David Inside Out
The trick of the young adult novel is one of illusion. Just as the actors and actresses on “Gossip Girl”—many of whom are facing the onset of their third decade of life—must convince the camera and the audience that they have yet to hit 20, the author of any young adult novel written in first person must convince the reader that the words on the page are reading are coming out of the mouth of a teenager. Otherwise, the result can be as embarrassing as Henry Winkler portraying Fonzie in the later years of “Happy Days.”
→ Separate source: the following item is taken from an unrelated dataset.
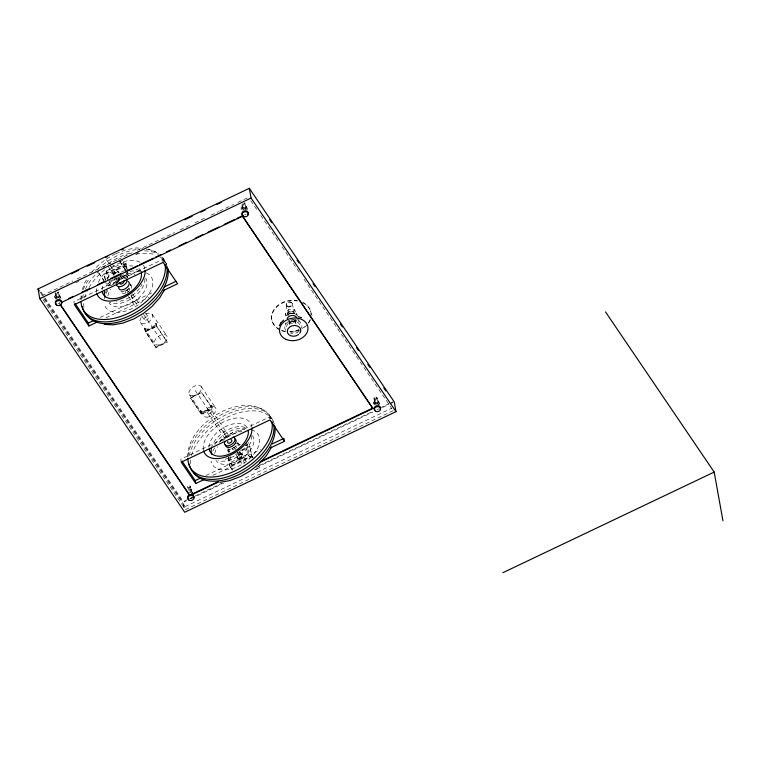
<?xml version="1.0" encoding="UTF-8"?>
<svg xmlns="http://www.w3.org/2000/svg" width="761" height="761" viewBox="0 0 761 761"><rect width="100%" height="100%" fill="white"/><g stroke="black" fill="none" stroke-linecap="round" stroke-linejoin="round"><path stroke-width="0.57" stroke-dasharray="3.81 2.85" d="M81.056 299.558L81.094 295.002M187.938 457.085C187.177 444.281 195.149 432.781 203.824 424.124L212.747 416.838L222.754 411.168C235.415 405.29 251.13 402.636 263.734 410.074M285.109 325.232L285.813 323.016M82.34 289.637L84.395 283.339L87.867 277.622M144.856 328.581A7.172 4.205 -34.2 0 0 155.834 323.349L156.776 326.25L167.372 342.222L156.1 347.587L145.237 331.568L144.666 328.41L145.218 329.113A7.172 4.205 -34.2 0 0 156.195 323.882L156.29 323.577M200.942 413.318L200.647 410.807A7.172 4.205 -34.2 0 0 211.625 405.584L212.661 408.971L201.399 414.336L190.44 397.832L201.703 392.467L212.214 407.953L200.942 413.318L190.44 397.832M200.466 410.636L201.009 411.349A7.172 4.205 -34.2 0 0 211.986 406.117L212.091 405.803M56.057 294.65L56.4 296.6L54.687 298.826L54.335 296.876L56.057 294.65L59.215 294.555L61.013 298.645L59.215 294.555M58.949 298.921L60.671 296.695M242.664 205.784L243.016 207.724L241.304 209.96L240.952 208.01L242.664 205.784L245.832 205.689L247.629 209.77L245.832 205.689M245.565 210.055L247.277 207.82M288.419 309.67L288.838 311.972L285.698 316.053L285.289 313.751L288.419 309.67L294.212 309.499L296.857 313.408L297.275 315.71L294.621 311.801L294.212 309.499M295.61 315.035L296.857 313.408M191.201 493.822L192.343 492.338M374.916 400.676L375.268 402.626L373.546 404.862L373.194 402.911L374.916 400.676L378.074 400.59L379.882 404.671L378.074 400.59M377.808 404.957L379.53 402.721M91.805 272.314C98.017 264.371 106.416 258.512 115.282 253.889M113.712 283.32L113.246 283.796L119.287 278.945L126.003 275.063L125.413 275.301M220.595 440.838L220.129 441.323L226.169 436.462L232.895 432.59L232.295 432.828M290.207 322.055L295.297 321.38M41.855 295.753L72.913 280.971M77.194 278.926L116.814 260.062M117.888 259.549L131.805 252.918M137.161 250.369L147.862 245.27M148.937 244.757L174.64 232.524M179.996 229.974L190.697 224.876M194.987 222.83L206.764 217.218M211.044 215.182L218.54 211.615M219.615 211.101L233.532 204.471M237.812 202.436L249.598 196.823M75.577 282.873L78.792 281.342M119.477 261.965L122.692 260.433M135.544 254.307L138.759 252.785M107.929 280.961L106.131 271.002L123.739 262.612L125.555 265.285L126.345 269.708M105.142 279.687L104.095 273.903L125.926 263.506L127.458 270.536M105.437 279.848L104.457 274.436L126.288 264.048M108.747 278.098L107.948 273.665L125.555 265.285M109.926 281.18L113.037 279.696M114.083 279.201L127.591 272.761M163.9 261.404L162.578 259.463L73.855 301.717L74.378 304.638M108.328 283.178L110.136 285.841L114.283 283.872M115.32 283.377L118.421 281.903M124.633 278.945L127.743 277.461L126.545 270.821M100.1 317.47L152.485 292.528M105.979 317.851L148.737 297.484M145.237 331.568L156.5 326.203L155.929 323.035M156.1 347.587L145.513 331.615L156.776 326.25M156.015 347.102L167.287 341.737M190.526 398.317L201.703 392.467M270.783 418.921L269.461 416.98L180.738 459.235L181.261 462.155M228.271 452.624L227.872 450.417L240.305 444.5M245.223 445.689L247.287 444.7L245.48 442.027M240.486 450.588L249.846 446.127L251.872 455.915L253.166 457.827M236.69 453.099L250.207 446.659M230.288 456.4L231.877 465.256L230.069 462.593L247.667 454.203L245.679 443.14M205.917 475.501L260.443 449.542M232.276 469.965L229.765 466.265L251.596 455.868L249.846 446.127M232.638 470.136L230.041 466.312L251.872 455.915M212.861 475.368L253.48 456.029M184.362 507.435L183.315 501.651L188.671 499.102M189.736 498.588L194.017 496.553M195.092 496.039L221.832 483.302M259.282 465.475L372.681 411.463M380.053 407.963L389.137 403.634M390.146 403.149L393.171 401.713M183.953 507.929L182.973 502.517L186.179 500.995M191.525 498.445L223.553 483.187M256.657 467.425L373.052 411.996M382.621 407.439L388.957 404.424M390.012 403.92L393.18 402.407M254.459 469.87L259.663 467.397L253.508 470.859M393.237 410.664L185.494 509.594L184.971 506.674L391.639 408.257M115.872 253.641L126.174 249.741L136.105 247.953L142.764 248.286M243.016 207.724L246.184 207.639M56.4 296.6L59.567 296.505M288.838 311.972L294.621 311.801M290.664 319.896L294.136 319.791M375.268 402.626L378.426 402.531M188.3 489.551L191.468 489.456L192.914 491.596M189.708 491.463L191.81 491.406L193.265 493.537M148.224 249.056L156.852 252.557M144.666 328.41L145.218 329.113M269.175 415.078L271.639 418.455M297.085 318.155L300.947 323.121M250.788 200.723L256.78 209.56M260.776 215.439L278.745 241.931M282.074 246.84L300.709 274.302M304.039 279.211L391.905 408.705M240.952 208.01L242.398 210.15M373.194 402.911L374.65 405.042M285.289 313.751L286.612 315.701M119.8 261.28L125.651 269.898M119.896 261.774L126.792 271.934M251.596 455.868L252.852 457.722M258.493 466.036L259.748 467.882M125.936 274.788L127.743 277.461M247.667 454.203L249.484 456.876L247.287 444.7M152.238 314.379L166.735 335.744M201.151 386.474L215.648 407.829M131.215 285.527L130.131 283.92A5.974 3.51 -34.2 0 1 130.102 286.945M237.556 442.246L239.182 444.643M155.834 323.349L156.195 323.882M211.625 405.584L211.986 406.117M156.5 326.203L167.372 342.222M201.789 392.952L212.661 408.971M118.516 271.782L118.887 272.314M242.436 454.403L242.797 454.935M112.067 263.687L118.649 273.389M119.315 274.369L122.607 279.22M128.533 287.953L129.855 289.903M132.49 293.784L139.729 304.457M145.665 313.199L148.3 317.08M211.701 410.531L229.489 436.738M239.962 452.177L247.934 463.925M106.473 259.691L120.961 281.056M126.887 289.789L128.343 291.929M130.844 295.62L138.093 306.293M143.582 314.398L160.818 339.796M195.235 390.517L227.843 438.574M233.675 447.173L235.235 449.466M235.9 450.455L244.576 463.221M108.119 266.388L114.045 275.121M114.711 276.091L118.659 281.922M124.585 290.654L125.907 292.595M128.542 296.486L135.791 307.159M141.717 315.901L144.352 319.782M207.763 413.233L225.541 439.439M236.015 454.878L243.986 466.626M237.175 457.998L237.537 458.531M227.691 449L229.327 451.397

This proves to be the major general weakness in Lee Bantle’s story of a gay teen’s coming to terms with his own life and desires within the context of an often-hostile school environment. In exchanges like the following, the reader is left to wonder not only the age of our narrator protagonist, but also in just what time period the book is set:
“She laughed and tried to pull me into a dance. I jerked my arms away, leaving Mom to do a boogie of her own creation.
“’See? I was pretty good.’
“On ‘American Bandstand,’ circa 1950.’”
That a high school student might put his parent into the black and white image of a 60-year-old television show seems odd enough. But the use of the term “boogie” makes the reader wonder if young David’s greater problem is not the fact that he has somehow become displaced in time.
Yet within the pages of David Inside Out, there are things to admire: in the skill with which the tale is structured and in the fact that Bantle has openly and passionately called upon his own life’s history in telling it. Indeed, it is a moment in this nation’s history in which our gay youth—in a devastating spate of gay-related suicides and hate crimes—seem to be wounded past the point of despair. A book like David Inside Out thus has special resonance, in that this story might well prove to be an important tool for any number of readers who, like young David, find themselves turned inside out by the discovery of their awakening sexual identity—a means by which a reader could learn that, indeed, in the words of gay activist Dan Savage, “It gets better.”
And, happily, for the young protagonist of David Inside Out, it does get better, as he not only learns to face the reality of his own sexuality, but also finds support from a small but loyal group of friends, a voice on the other end of a telephone line when he smartly decides to call a gay support group, and a staunchly supportive mother.
David Inside Out is actually not the story of one gay male teen, but three: David, our hero, who manages to mask his sexual identity by being able to “pass” in the world of high school athletics; Sean, the school’s golden book and track star, who manages to hide the true nature of his sexuality even from himself; and Eddie, David’s best friend from childhood, whose overt flamboyance makes any denial of his sexuality a waste of time.
It is in the presentation of the character of Eddie that the book misses its greatest opportunity. In centering the book on the character David, whose talent for track and field offers him a badge of masculinity that he can use to deflect attention from his inner self, the author plays it safe and tells a tale that we have all read before. (Smart readers are left guessing as to what age Banter first read The Front Runner, as it seems to have had a strong impact upon him.)
Eddie, on the other hand, is presented as being that apparently most loathsome of things—the effeminate and sexualized gay male. He is, therefore, the target of gay bashing at two points in the novel, and yet these events are seen as nothing more than happenstance and the impact of the bashing again centers on David, who hides and does nothing to protect his friend for fear of being labeled gay himself.
The character of Eddie is left unexplored and two-dimensional, Sal Mineo to David’s James Dean, to put it into the context of “American Bandstand.” Had author Bantle played it less safe and had he chosen to develop this character past the references to the fact that he wears a chartreuse scarf as something like a red badge of courage, he might have really been on to something, as surely our most at-risk youth (with a suicide rate four times that of average in that age group) are those gay young men whose mannerisms leave them nowhere to hide.
Finally, note that David Inside Out contains a number of surprisingly overt sexual passages that, while they would likely lend the book the credence that the antiquated narration lacks—readers in the young adult age group being perhaps the most sexually curious, after all—could be of questionable value in the eyes of a parent.